Oscar Salvador June 30, 2020, 6:35 a.m. UTC | #8

On Tue, 2020-06-30 at 01:08 -0400, Qian Cai wrote:
> On Wed, Jun 24, 2020 at 03:01:22PM +0000, nao.horiguchi@gmail.com
> wrote:
> > I rebased soft-offline rework patchset [1][2] onto the latest
> > mmotm.  The
> > rebasing required some non-trivial changes to adjust, but mainly
> > that was
> > straightforward.  I confirmed that the reported problem doesn't
> > reproduce on
> > compaction after soft offline.  For more precise description of the
> > problem
> > and the motivation of this patchset, please see [2].
> > 
> > I think that the following two patches in v2 are better to be done
> > with
> > separate work of hard-offline rework, so it's not included in this
> > series.
> > 
> >   - mm,hwpoison: Take pages off the buddy when hard-offlining
> >   - mm/hwpoison-inject: Rip off duplicated checks
> > 
> > These two are not directly related to the reported problem, so they
> > seems
> > not urgent.  And the first one breaks num_poisoned_pages counting
> > in some
> > testcases, and The second patch needs more consideration about
> > commented point.
> > 
> > Any comment/suggestion/help would be appreciated.
> 
> Even after applied the compling fix,
> 
> https://lore.kernel.org/linux-mm/20200628065409.GA546944@u2004/
> 
> madvise(MADV_SOFT_OFFLINE) will fail with EIO with hugetlb where it
> would succeed without this series.
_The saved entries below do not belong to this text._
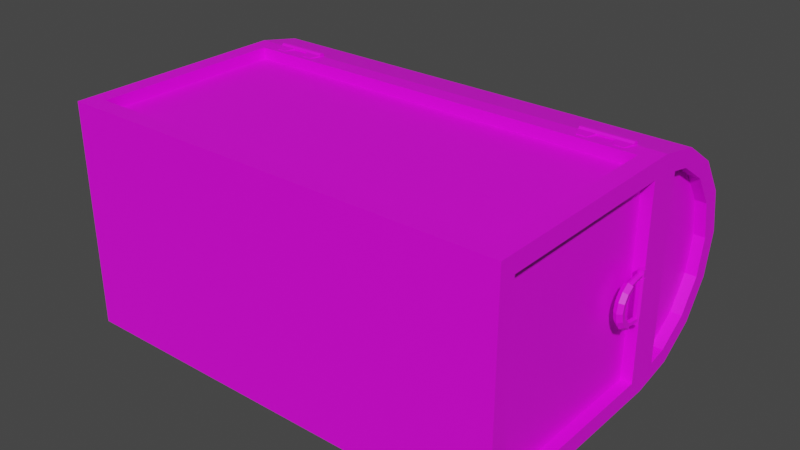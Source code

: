 # Source: AA2793_Chest_Unity.blend  (saved by Blender 3.4.6; exported with 4.5.12 LTS)
import bpy
from mathutils import Matrix  # noqa: F401  (used for matrix-valued properties, if any)

bpy.ops.wm.read_factory_settings(use_empty=True)
scene = bpy.context.scene
scene.name = 'Scene'

# ---- collections
col_collection = bpy.data.collections.new('Collection'); scene.collection.children.link(col_collection)

# ---- images (referenced by path relative to the original .blend; pixels are not part of the script)
import os
ASSET_DIR = os.environ.get("B2B_ASSET_DIR", "")  # directory of the original .blend (textures are referenced by path, not embedded)
HERE = os.path.dirname(os.path.abspath(__file__))  # packed textures are extracted next to this script under _unpacked/

def load_image(name, relpath, width, height, colorspace="sRGB"):
    """Load a texture the original file referenced (path relative to the .blend, or extracted next to this script)."""
    p = next((c for c in (os.path.join(HERE, relpath), os.path.join(ASSET_DIR, relpath)) if relpath and os.path.exists(c)), "")
    if p:
        img = bpy.data.images.load(p, check_existing=True)
        img.name = name
    else:  # same state as the original file: an image datablock whose file is absent (Cycles renders it pink)
        img = bpy.data.images.new(name, width, height)
        img.source = "FILE"
        img.filepath = "//" + (relpath or name)
    img.colorspace_settings.name = colorspace
    return img
img_chest_difuse_png = load_image('chest_Difuse.png', 'chest_Difuse.png', 1024, 1024, 'sRGB')

# ---- materials (node trees are filled in below, after node groups)
mat_mat_uv_grid = bpy.data.materials.new('mat_uv_grid')
mat_mat_uv_grid.alpha_threshold = 0.0
mat_mat_uv_grid.use_transparent_shadow = False
mat_mat_uv_grid.roughness = 0.5
mat_mat_uv_grid.line_color = (0.0, 0.0, 0.0, 1.0)

# ---- material node trees
mat_mat_uv_grid.use_nodes = True; mat_mat_uv_grid.node_tree.nodes.clear()
_N = mat_mat_uv_grid.node_tree.nodes; _L = mat_mat_uv_grid.node_tree.links
n0 = _N.new('ShaderNodeOutputMaterial'); n0.name = 'Material Output'; n0.location = (300, 300)
n1 = _N.new('ShaderNodeBsdfPrincipled'); n1.name = 'Principled BSDF'; n1.location = (10, 300)
n1.distribution = 'GGX'
n1.subsurface_method = 'RANDOM_WALK_SKIN'
n1.inputs[3].default_value = 1.45
n1.inputs[27].default_value = (0.0, 0.0, 0.0, 1.0)
n1.inputs[28].default_value = 1.0
n2 = _N.new('ShaderNodeTexImage'); n2.name = 'Image Texture'; n2.location = (-280, 276)
n2.image = img_chest_difuse_png
_L.new(n1.outputs[0], n0.inputs[0])
_L.new(n2.outputs[0], n1.inputs[0])
n0.is_active_output = True

# ---- world
world_world = bpy.data.worlds.new('World'); scene.world = world_world
world_world.use_nodes = True; world_world.node_tree.nodes.clear()
_N = world_world.node_tree.nodes; _L = world_world.node_tree.links
n0 = _N.new('ShaderNodeOutputWorld'); n0.name = 'World Output'; n0.location = (300, 300)
n1 = _N.new('ShaderNodeBackground'); n1.name = 'Background'; n1.location = (10, 300)
n1.inputs[0].default_value = (0.05088, 0.05088, 0.05088, 1.0)
_L.new(n1.outputs[0], n0.inputs[0])
n0.is_active_output = True
world_world.color = (0.05088, 0.05088, 0.05088)
world_world.use_sun_shadow = False
world_world.sun_shadow_jitter_overblur = 0.0

# ---- meshes
me_cube = bpy.data.meshes.new('Cube')
me_cube.from_pydata([(-2.0, -1.0, 0.0), (-2.0, -1.0, 2.0), (-2.0, 1.0, 0.0), (-2.0, 1.0, 2.0), (2.0, -1.0, 0.0), (2.0, -1.0, 2.0), (2.0, 1.0, 0.0), (2.0, 1.0, 2.0), (-1.8, -0.8, 0.2), (-1.8, 0.8, 0.2), (-1.8, 0.8, 2.0), (-1.8, -0.8, 2.0), (1.8, 0.8, 0.2), (1.8, 0.8, 2.0), (1.8, -0.8, 0.2), (1.8, -0.8, 2.0), (-2.0, -0.85, 0.15), (-2.0, -0.85, 1.85), (-2.0, 0.85, 1.85), (-2.0, 0.85, 0.15), (-1.85, 1.0, 0.15), (-1.85, 1.0, 1.85), (1.85, 1.0, 1.85), (1.85, 1.0, 0.15), (2.0, 0.85, 0.15), (2.0, 0.85, 1.85), (2.0, -0.85, 1.85), (2.0, -0.85, 0.15), (1.85, -1.0, 0.15), (1.85, -1.0, 1.85), (-1.85, -1.0, 1.85), (-1.85, -1.0, 0.15), (-1.9, -0.85, 0.15), (-1.9, -0.85, 1.85), (-1.9, 0.85, 0.15), (-1.9, 0.85, 1.85), (-1.85, 0.9, 1.85), (-1.85, 0.9, 0.15), (1.85, 0.9, 0.15), (1.85, 0.9, 1.85), (1.9, 0.85, 1.85), (1.9, 0.85, 0.15), (1.9, -0.85, 0.15), (1.9, -0.85, 1.85), (1.85, -0.9, 1.85), (1.85, -0.9, 0.15), (-1.85, -0.9, 0.15), (-1.85, -0.9, 1.85), (-0.2072, -0.9517, 1.934), (0.2072, -0.9517, 1.934), (-0.02558, -1.052, 1.776), (0.02558, -1.052, 1.776), (-0.08557, -0.9517, 1.458), (-0.2072, -0.9517, 1.579), (-0.1464, -0.9517, 1.474), (-0.1909, -0.9517, 1.519), (0.2072, -0.9517, 1.579), (0.08557, -0.9517, 1.458), (0.1909, -0.9517, 1.519), (0.1464, -0.9517, 1.474), (-0.02558, -1.052, 1.669), (-0.01743, -1.052, 1.653), (-0.02418, -1.052, 1.659), (-0.02268, -1.052, 1.656), (0.01743, -1.052, 1.653), (0.02558, -1.052, 1.669), (0.02268, -1.052, 1.656), (0.02418, -1.052, 1.659), (0.2072, -1.052, 1.934), (-0.2072, -1.052, 1.934), (0.2072, -1.052, 1.579), (0.1909, -1.052, 1.519), (0.1464, -1.052, 1.474), (0.08557, -1.052, 1.458), (-0.1909, -1.052, 1.519), (-0.2072, -1.052, 1.579), (-0.1464, -1.052, 1.474), (-0.08557, -1.052, 1.458), (0.02558, -1.002, 1.776), (-0.02558, -1.002, 1.776), (0.02558, -1.002, 1.669), (0.02418, -1.002, 1.659), (0.02268, -1.002, 1.656), (0.01743, -1.002, 1.653), (-0.02418, -1.002, 1.659), (-0.02558, -1.002, 1.669), (-0.02268, -1.002, 1.656), (-0.01743, -1.002, 1.653), (2.043, 0.1702, 1.706), (2.043, -0.1418, 1.706), (2.041, -0.2142, 1.71), (2.041, 0.2425, 1.71), (2.019, -0.2142, 1.71), (2.019, 0.2425, 1.71), (2.003, -0.2142, 1.725), (2.003, 0.2425, 1.725), (2.003, -0.2142, 1.747), (2.003, 0.2425, 1.747), (2.019, -0.2142, 1.763), (2.019, 0.2425, 1.763), (2.041, -0.2142, 1.763), (2.041, 0.2425, 1.763), (2.056, -0.2142, 1.747), (2.056, 0.2425, 1.747), (2.057, -0.2142, 1.725), (2.057, 0.2425, 1.725), (2.017, -0.1418, 1.706), (2.017, 0.1702, 1.706), (1.999, -0.1418, 1.724), (1.999, 0.1702, 1.724), (1.999, -0.1418, 1.749), (1.999, 0.1702, 1.749), (2.017, -0.1418, 1.767), (2.017, 0.1702, 1.767), (2.043, -0.1418, 1.767), (2.043, 0.1702, 1.767), (2.061, -0.1418, 1.749), (2.061, 0.1702, 1.749), (2.061, -0.1418, 1.724), (2.061, 0.1702, 1.724), (1.992, 0.1702, 1.856), (1.992, -0.1418, 1.856), (1.982, 0.1702, 1.856), (1.982, -0.1418, 1.856), (-2.063, 0.04324, 1.494), (-2.068, 0.05893, 1.456), (-2.03, 0.06851, 1.433), (-1.992, 0.05893, 1.456), (-1.997, 0.04324, 1.494), (-2.03, 0.03712, 1.508), (-2.063, 0.09192, 1.526), (-2.068, 0.1209, 1.497), (-2.03, 0.1386, 1.479), (-1.992, 0.1209, 1.497), (-1.997, 0.09192, 1.526), (-2.03, 0.08062, 1.537), (-2.063, 0.1252, 1.576), (-2.068, 0.1617, 1.558), (-2.03, 0.1839, 1.547), (-1.992, 0.1617, 1.558), (-1.997, 0.1252, 1.576), (-2.03, 0.1112, 1.584), (2.03, 0.1538, 1.574), (2.011, 0.1617, 1.571), (2.007, 0.1837, 1.562), (2.03, 0.1981, 1.556), (2.053, 0.1837, 1.562), (2.049, 0.1617, 1.571), (2.03, 0.1653, 1.632), (2.011, 0.1739, 1.632), (2.007, 0.1977, 1.632), (2.03, 0.2133, 1.632), (2.053, 0.1977, 1.632), (2.049, 0.1739, 1.632), (2.03, -0.1517, 1.736), (2.011, -0.1597, 1.74), (2.007, -0.1816, 1.749), (2.03, -0.196, 1.755), (2.053, -0.1816, 1.749), (2.049, -0.1597, 1.74), (2.03, -0.1369, 1.632), (2.011, -0.1455, 1.632), (2.007, -0.1693, 1.632), (2.03, -0.1849, 1.632), (2.053, -0.1693, 1.632), (2.049, -0.1455, 1.632), (2.03, -0.1254, 1.574), (2.011, -0.1334, 1.571), (2.007, -0.1553, 1.562), (2.03, -0.1697, 1.556), (2.053, -0.1553, 1.562), (2.049, -0.1334, 1.571), (-2.063, -0.1536, 1.576), (-2.068, -0.1901, 1.558), (-2.03, -0.2122, 1.547), (-1.992, -0.1901, 1.558), (-1.997, -0.1536, 1.576), (-2.03, -0.1396, 1.584), (-2.063, -0.1203, 1.526), (-2.068, -0.1493, 1.497), (-2.03, -0.167, 1.479), (-1.992, -0.1493, 1.497), (-1.997, -0.1203, 1.526), (-2.03, -0.109, 1.537), (2.03, 0.1806, 1.738), (2.011, 0.1886, 1.741), (2.007, 0.2105, 1.75), (2.03, 0.2249, 1.756), (2.053, 0.2105, 1.75), (2.049, 0.1886, 1.741), (2.03, 0.01418, 1.498), (1.997, 0.01418, 1.482), (1.992, 0.01418, 1.441), (2.03, 0.01418, 1.416), (2.068, 0.01418, 1.441), (2.063, 0.01418, 1.482), (2.03, 0.06549, 1.508), (1.997, 0.0716, 1.494), (1.992, 0.08729, 1.456), (2.03, 0.09687, 1.433), (2.068, 0.08729, 1.456), (2.063, 0.0716, 1.494), (2.03, 0.109, 1.537), (1.997, 0.1203, 1.526), (1.992, 0.1493, 1.497), (2.03, 0.167, 1.479), (2.068, 0.1493, 1.497), (2.063, 0.1203, 1.526), (2.03, 0.1396, 1.584), (1.997, 0.1536, 1.576), (1.992, 0.1901, 1.558), (2.03, 0.2122, 1.547), (2.068, 0.1901, 1.558), (2.063, 0.1536, 1.576), (2.03, -0.1112, 1.584), (1.997, -0.1252, 1.576), (1.992, -0.1617, 1.558), (2.03, -0.1839, 1.547), (2.068, -0.1617, 1.558), (2.063, -0.1252, 1.576), (2.03, -0.08062, 1.537), (1.997, -0.09192, 1.526), (1.992, -0.1209, 1.497), (2.03, -0.1386, 1.479), (2.068, -0.1209, 1.497), (2.063, -0.09192, 1.526), (2.03, -0.03712, 1.508), (1.997, -0.04324, 1.494), (1.992, -0.05893, 1.456), (2.03, -0.06851, 1.433), (2.068, -0.05893, 1.456), (2.063, -0.04324, 1.494), (-2.063, -0.0716, 1.494), (-2.068, -0.08729, 1.456), (-2.03, -0.09687, 1.433), (-1.992, -0.08729, 1.456), (-1.997, -0.0716, 1.494), (-2.03, -0.06549, 1.508), (-2.063, -0.01418, 1.482), (-2.068, -0.01418, 1.441), (-2.03, -0.01418, 1.416), (-1.992, -0.01418, 1.441), (-1.997, -0.01418, 1.482), (-2.03, -0.01418, 1.498), (-2.049, -0.1886, 1.741), (-2.053, -0.2105, 1.75), (-2.03, -0.2249, 1.756), (-2.007, -0.2105, 1.75), (-2.011, -0.1886, 1.741), (-2.03, -0.1806, 1.738), (-2.049, 0.1334, 1.571), (-2.053, 0.1553, 1.562), (-2.03, 0.1697, 1.556), (-2.007, 0.1553, 1.562), (-2.011, 0.1334, 1.571), (-2.03, 0.1254, 1.574), (-2.049, 0.1455, 1.632), (-2.053, 0.1693, 1.632), (-2.03, 0.1849, 1.632), (-2.007, 0.1693, 1.632), (-2.011, 0.1455, 1.632), (-2.03, 0.1369, 1.632), (-2.049, 0.1597, 1.74), (-2.053, 0.1816, 1.749), (-2.03, 0.196, 1.755), (-2.007, 0.1816, 1.749), (-2.011, 0.1597, 1.74), (-2.03, 0.1517, 1.736), (-2.049, -0.1739, 1.632), (-2.053, -0.1977, 1.632), (-2.03, -0.2133, 1.632), (-2.007, -0.1977, 1.632), (-2.011, -0.1739, 1.632), (-2.03, -0.1653, 1.632), (-2.049, -0.1617, 1.571), (-2.053, -0.1837, 1.562), (-2.03, -0.1981, 1.556), (-2.007, -0.1837, 1.562), (-2.011, -0.1617, 1.571), (-2.03, -0.1538, 1.574), (-1.982, 0.1418, 1.856), (-1.982, -0.1702, 1.856), (-1.992, 0.1418, 1.856), (-1.992, -0.1702, 1.856), (-2.061, -0.1702, 1.724), (-2.061, 0.1418, 1.724), (-2.061, -0.1702, 1.749), (-2.061, 0.1418, 1.749), (-2.043, -0.1702, 1.767), (-2.043, 0.1418, 1.767), (-2.017, -0.1702, 1.767), (-2.017, 0.1418, 1.767), (-1.999, -0.1702, 1.749), (-1.999, 0.1418, 1.749), (-1.999, -0.1702, 1.724), (-1.999, 0.1418, 1.724), (-2.017, -0.1702, 1.706), (-2.017, 0.1418, 1.706), (-2.057, -0.2425, 1.725), (-2.057, 0.2142, 1.725), (-2.056, -0.2425, 1.747), (-2.056, 0.2142, 1.747), (-2.041, -0.2425, 1.763), (-2.041, 0.2142, 1.763), (-2.019, -0.2425, 1.763), (-2.019, 0.2142, 1.763), (-2.003, -0.2425, 1.747), (-2.003, 0.2142, 1.747), (-2.003, -0.2425, 1.725), (-2.003, 0.2142, 1.725), (-2.019, -0.2425, 1.71), (-2.019, 0.2142, 1.71), (-2.041, -0.2425, 1.71), (-2.041, 0.2142, 1.71), (-2.043, 0.1418, 1.706), (-2.043, -0.1702, 1.706), (-1.747, 1.027, 1.992), (-1.595, 1.027, 1.992), (-1.747, 1.027, 2.014), (-1.595, 1.027, 2.014), (-1.747, 1.012, 2.03), (-1.595, 1.012, 2.03), (-1.747, 0.9898, 2.03), (-1.595, 0.9898, 2.03), (-1.747, 0.9743, 2.014), (-1.595, 0.9743, 2.014), (-1.747, 0.9744, 1.992), (-1.595, 0.9744, 1.992), (-1.747, 0.9899, 1.977), (-1.595, 0.9899, 1.977), (-1.747, 1.012, 1.977), (-1.595, 1.012, 1.977), (-1.715, 0.9826, 1.898), (-1.625, 0.9826, 1.898), (-1.625, 1.004, 1.898), (-1.715, 1.004, 1.898), (-1.443, 1.027, 1.992), (-1.29, 1.027, 1.992), (-1.443, 1.027, 2.014), (-1.29, 1.027, 2.014), (-1.443, 1.012, 2.03), (-1.29, 1.012, 2.03), (-1.443, 0.9899, 2.03), (-1.29, 0.9899, 2.03), (-1.443, 0.9744, 2.014), (-1.29, 0.9744, 2.014), (-1.443, 0.9745, 1.992), (-1.29, 0.9745, 1.992), (-1.443, 0.9901, 1.977), (-1.29, 0.9901, 1.977), (-1.443, 1.012, 1.977), (-1.29, 1.012, 1.977), (-1.41, 0.9827, 1.898), (-1.321, 0.9827, 1.898), (-1.321, 1.005, 1.898), (-1.41, 1.005, 1.898), (1.293, 1.027, 1.99), (1.445, 1.027, 1.99), (1.293, 1.027, 2.012), (1.445, 1.027, 2.012), (1.293, 1.012, 2.027), (1.445, 1.012, 2.027), (1.293, 0.9898, 2.027), (1.445, 0.9898, 2.027), (1.293, 0.9743, 2.011), (1.445, 0.9743, 2.011), (1.293, 0.9744, 1.989), (1.445, 0.9744, 1.989), (1.293, 0.9899, 1.974), (1.445, 0.9899, 1.974), (1.293, 1.012, 1.974), (1.445, 1.012, 1.974), (1.326, 0.9826, 1.895), (1.415, 0.9826, 1.895), (1.415, 1.004, 1.895), (1.326, 1.004, 1.895), (1.598, 1.027, 1.99), (1.75, 1.027, 1.99), (1.598, 1.027, 2.012), (1.75, 1.027, 2.012), (1.598, 1.012, 2.027), (1.75, 1.012, 2.027), (1.598, 0.9898, 2.027), (1.75, 0.9898, 2.027), (1.598, 0.9743, 2.011), (1.75, 0.9743, 2.011), (1.598, 0.9744, 1.989), (1.75, 0.9744, 1.989), (1.598, 0.9899, 1.974), (1.75, 0.9899, 1.974), (1.598, 1.012, 1.974), (1.75, 1.012, 1.974), (1.63, 0.9826, 1.895), (1.719, 0.9826, 1.895), (1.719, 1.004, 1.895), (1.63, 1.004, 1.895)], [], [(24, 25, 40, 41), (19, 16, 32, 34), (20, 21, 36, 37), (16, 17, 33, 32), (2, 6, 4, 0), (8, 9, 10, 11), (9, 12, 13, 10), (12, 14, 15, 13), (14, 8, 11, 15), (9, 8, 14, 12), (5, 7, 13, 15), (3, 1, 11, 10), (1, 5, 15, 11), (7, 3, 10, 13), (0, 1, 17, 16), (1, 3, 18, 17), (3, 2, 19, 18), (2, 0, 16, 19), (2, 3, 21, 20), (3, 7, 22, 21), (7, 6, 23, 22), (6, 2, 20, 23), (6, 7, 25, 24), (7, 5, 26, 25), (5, 4, 27, 26), (4, 6, 24, 27), (4, 5, 29, 28), (5, 1, 30, 29), (1, 0, 31, 30), (0, 4, 28, 31), (32, 33, 35, 34), (37, 36, 39, 38), (41, 40, 43, 42), (45, 44, 47, 46), (23, 20, 37, 38), (28, 29, 44, 45), (17, 18, 35, 33), (27, 24, 41, 42), (21, 22, 39, 36), (31, 28, 45, 46), (18, 19, 34, 35), (25, 26, 43, 40), (22, 23, 38, 39), (29, 30, 47, 44), (26, 27, 42, 43), (30, 31, 46, 47), (52, 57, 73, 77), (56, 49, 68, 70), (48, 49, 56, 58, 59, 57, 52, 54, 55, 53), (60, 62, 84, 85), (49, 48, 69, 68), (56, 70, 71, 58), (58, 71, 72, 59), (59, 72, 73, 57), (75, 53, 55, 74), (74, 55, 54, 76), (76, 54, 52, 77), (48, 53, 75, 69), (50, 51, 68, 69), (65, 67, 71, 70), (67, 66, 72, 71), (66, 64, 73, 72), (62, 60, 75, 74), (63, 62, 74, 76), (61, 63, 76, 77), (60, 50, 69, 75), (64, 61, 77, 73), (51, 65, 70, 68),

Steps:
> 
> # git clone https://github.com/cailca/linux-mm
> # cd linux-mm; make
> # ./random 1 (Need at least two NUMA memory nodes)
>  start: migrate_huge_offline
> - use NUMA nodes 0,4.
> - mmap and free 8388608 bytes hugepages on node 0
> - mmap and free 8388608 bytes hugepages on node 4
> madvise: Input/output error

I think I know why.
It's been a while since I took a look, but I compared the posted
patchset with my newest patchset I had ready and I saw I made some
changes with regard of hugetlb pages.

I will be taking a look, although it might be better to re-post the
patchset instead of adding a fix on top since the changes are a bit
substantial.

Thanks for reporting.

HORIGUCHI NAOYA(堀口直也) June 30, 2020, 6:50 a.m. UTC | #9

On Mon, Jun 29, 2020 at 12:29:25PM +0200, Oscar Salvador wrote:
> On Wed, 2020-06-24 at 15:01 +0000, nao.horiguchi@gmail.com wrote:
> > I rebased soft-offline rework patchset [1][2] onto the latest
> > mmotm.  The
> > rebasing required some non-trivial changes to adjust, but mainly that
> > was
> > straightforward.  I confirmed that the reported problem doesn't
> > reproduce on
> > compaction after soft offline.  For more precise description of the
> > problem
> > and the motivation of this patchset, please see [2].
> 
> Hi Naoya,
> 
> Thanks for dusting this off.
> To be honest, I got stuck with the hard offline mode so this delayed
> the resubmission, along other problems.
> 
> > I think that the following two patches in v2 are better to be done
> > with
> > separate work of hard-offline rework, so it's not included in this
> > series.
> > 
> >   - mm,hwpoison: Take pages off the buddy when hard-offlining
> >   - mm/hwpoison-inject: Rip off duplicated checks
> > 
> > These two are not directly related to the reported problem, so they
> > seems
> > not urgent.  And the first one breaks num_poisoned_pages counting in
> > some
> > testcases, and The second patch needs more consideration about
> > commented point.
> 
> I fully agree.
> 
> > Any comment/suggestion/help would be appreciated.
> 
> My "new" version included a patch to make sure we give a chance to
> pages that possibly are in a pcplist.
> Current behavior is that if someone tries to soft-offline such a page,
> we return an error because page count is 0 but page is not in the buddy
> system.
> 
> Since this patchset already landed in the mm tree, I could send it as a
> standalone patch on top if you agree with it.
> 
> My patch looked something like:
> 
> From: Oscar Salvador <osalvador@suse.de>
> Date: Mon, 29 Jun 2020 12:25:11 +0200
> Subject: [PATCH] mm,hwpoison: Drain pcplists before bailing out for
> non-buddy
>  zero-refcount page
> 
> A page with 0-refcount and !PageBuddy could perfectly be a pcppage.
> Currently, we bail out with an error if we encounter such a page,
> meaning that we do not give a chance to handle pcppages.
> 
> Fix this by draining pcplists whenever we find this kind of page
> and retry the check again.
> It might be that pcplists have been spilled into the buddy allocator
> and so we can handle it.
>
> Signed-off-by: Oscar Salvador <osalvador@suse.de>

I'm fine with this patch, so this will be with the next version with
some minor change like moving function comment block together.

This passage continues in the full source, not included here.